For our study, we aimed at creating a strong feature-based decoding pipeline for a comparison with neural networks. Therefore, our concept for feature-based decoding involved testing I) a large set of EEG features of different feature domains (in the present study time, amplitude, phase, and connectivity) and II) multiple classifiers including ensembles of classifiers (in the present study RFs, SVMs, and ASC). In particular, it was important to us to also include recent state-of-the-art feature-based methods such as Riemannian-geometry-based classification [Lotte et al. (2018)].

We found significant differences of our concept to those presented in the literature. Where we computed 8633 features of 50 feature types and six domains [see Table 3], typically far smaller feature sets were used in the literature. For example, Hosseinifard et al. (2013) extracted, exclusively, the total power from the theta, alpha, and beta frequency bands to decode depression. Similarly, Lopez de Diego (2017) extracted a single feature type (cepstral coefficients) that originated from the field of speech recognition to decode EEG pathology. An example of a study with a larger amount of feature types is the work of Cai et al. (2016). They extracted 16 feature types including amplitude, time, and connectivity measures to detect mild depression. In our present study, however, we computed an even larger feature set with more than twice the number of feature types [Table 3].

In other tasks, such as in the movement of the left hand, right hand, and feet motor decoding applications, it is generally assumed that the primary source of information is contained in the signal amplitudes [Schirrmeister et al. (2017b)]. Typically, there are a small number of target classes (3–4), which must be modeled. For pathology decoding, conversely, the most informative feature domain or type is not a priori known. Furthermore, it is necessary to model a larger number of pathologies. It cannot be assumed that the pathologies included in the TUH Abnormal EEG Corpus (v2.0.0) can be described by a single feature type. Therefore, in our concept, we did not a priori exclude any feature domains or types.

In our view, the presented concept is not specific to EEG pathology decoding; rather, it is applicable to a wide range of other EEG decoding tasks. It could well be possible that approaches based on a single feature type, e.g., motor decoding based on amplitude features, could be improved by combining them with different feature types, such as measures of connectivity.
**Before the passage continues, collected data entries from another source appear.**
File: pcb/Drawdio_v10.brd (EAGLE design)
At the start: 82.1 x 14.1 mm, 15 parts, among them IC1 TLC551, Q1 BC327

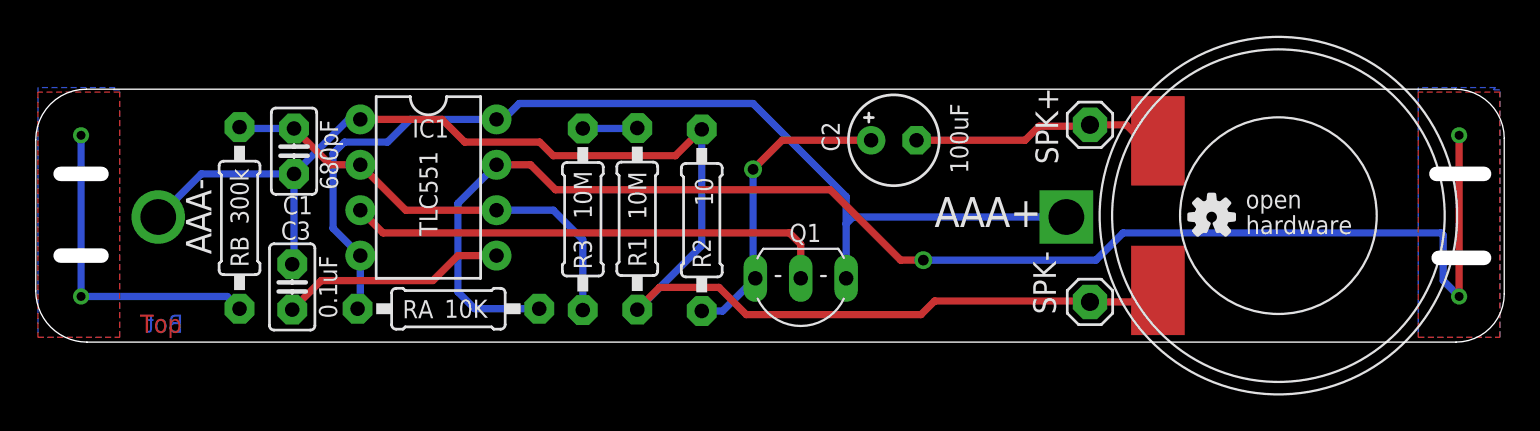
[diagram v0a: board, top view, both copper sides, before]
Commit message: updated schematics
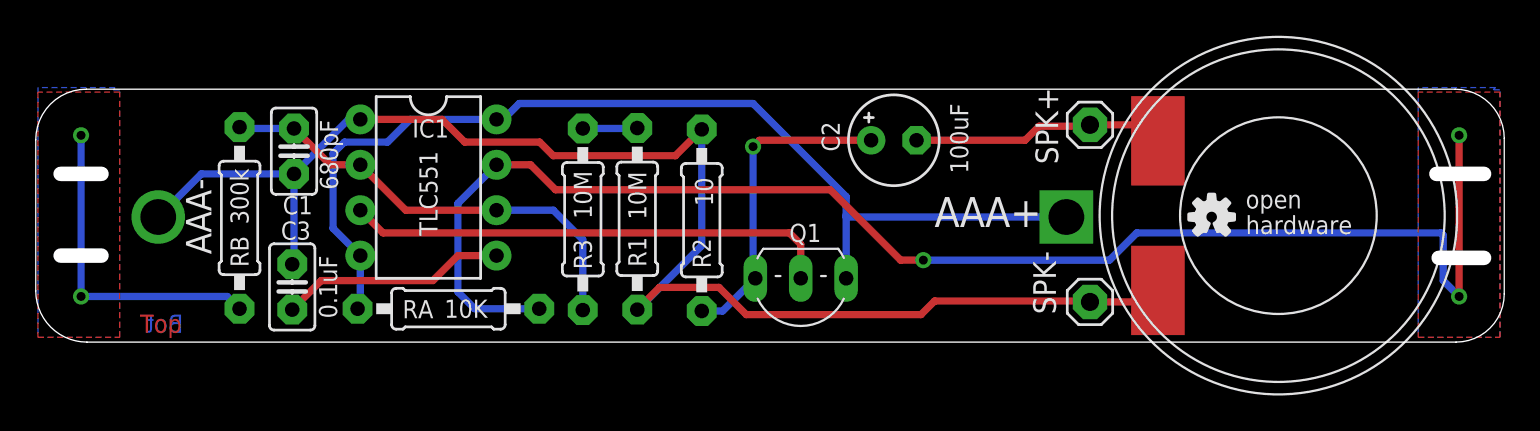
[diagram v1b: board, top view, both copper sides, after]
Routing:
- net N$3: track 17.2 -> 17.9 mm

4.2 Proposed end-to-end pathology decoding concept using deep neural networks

Similar to the feature-based concept, our aim was also to create a strong end-to-end pipeline. By end-to-end, we refer to the decoding of raw or minimally preprocessed data, unlike decoding based on explicitly extracted, handcrafted features. Recently, end-to-end methods have achieved powerful results in EEG decoding [Craik et al. (2019)]. In the present study, we applied the two most widely used, well benchmarked, and open source network architectures in EEG decoding: BD-Deep4 [Schirrmeister et al. (2017b)] and a reimplementation of EEGNet [Lawhern et al. (2018)] as implemented in the Braindecode toolbox. Furthermore, we also investigated the application of the BD-TCN, an EEG-optimized TCN architecture. The general TCN architecture was specifically designed to model sequential data and has outperformed RNNs in machine translation and audio synthesis tasks [Bai et al. (2018)]. Moreover, we compared to the results of ChronoNet, a CNN/RNN architecture, reported in the literature [Roy et al. (2019)], as it is among the state-of-the-art in EEG pathology decoding. Finally, we also applied BD-Shallow, which is a special case inasmuch as it was specifically designed to extract band power features. It is, therefore, between the classical feature-based and end-to-end decoding philosophies. In summary, the investigated architectures demonstrated significant differences including network archetype (ConvNet, TCN, RNN), parameter count (see Table S3), and number of layers (Figures 24).

4.3 Feature-based pathology decoding accuracies

Riemannian-geometry-based decoding resulted in an accuracy of 85.87%, which was the best feature-based decoding result. Interestingly, in our study, we observed a narrow range of feature-based decoding accuracies of 81 to 86% across different classifiers [see Figures 6, 7]. Actually, no statistically significant difference of accuracies of all presented feature-based models could be detected [see Figure 9]. Previously, Lopez de Diego (2017) reported an accuracy of 78.8% based on a single feature type and a CNN/MLP architecture for classification. Both, the size of the feature sets and choice of the decoders could explain the difference in accuracy. To the best of our knowledge, the study of Lopez de Diego (2017) is the only previously published feature-based study on EEG pathology decoding. Compared to this previous feature-based state-of-the-art, our findings demonstrate that substantially higher feature-based decoding accuracies are possible using the proposed approach.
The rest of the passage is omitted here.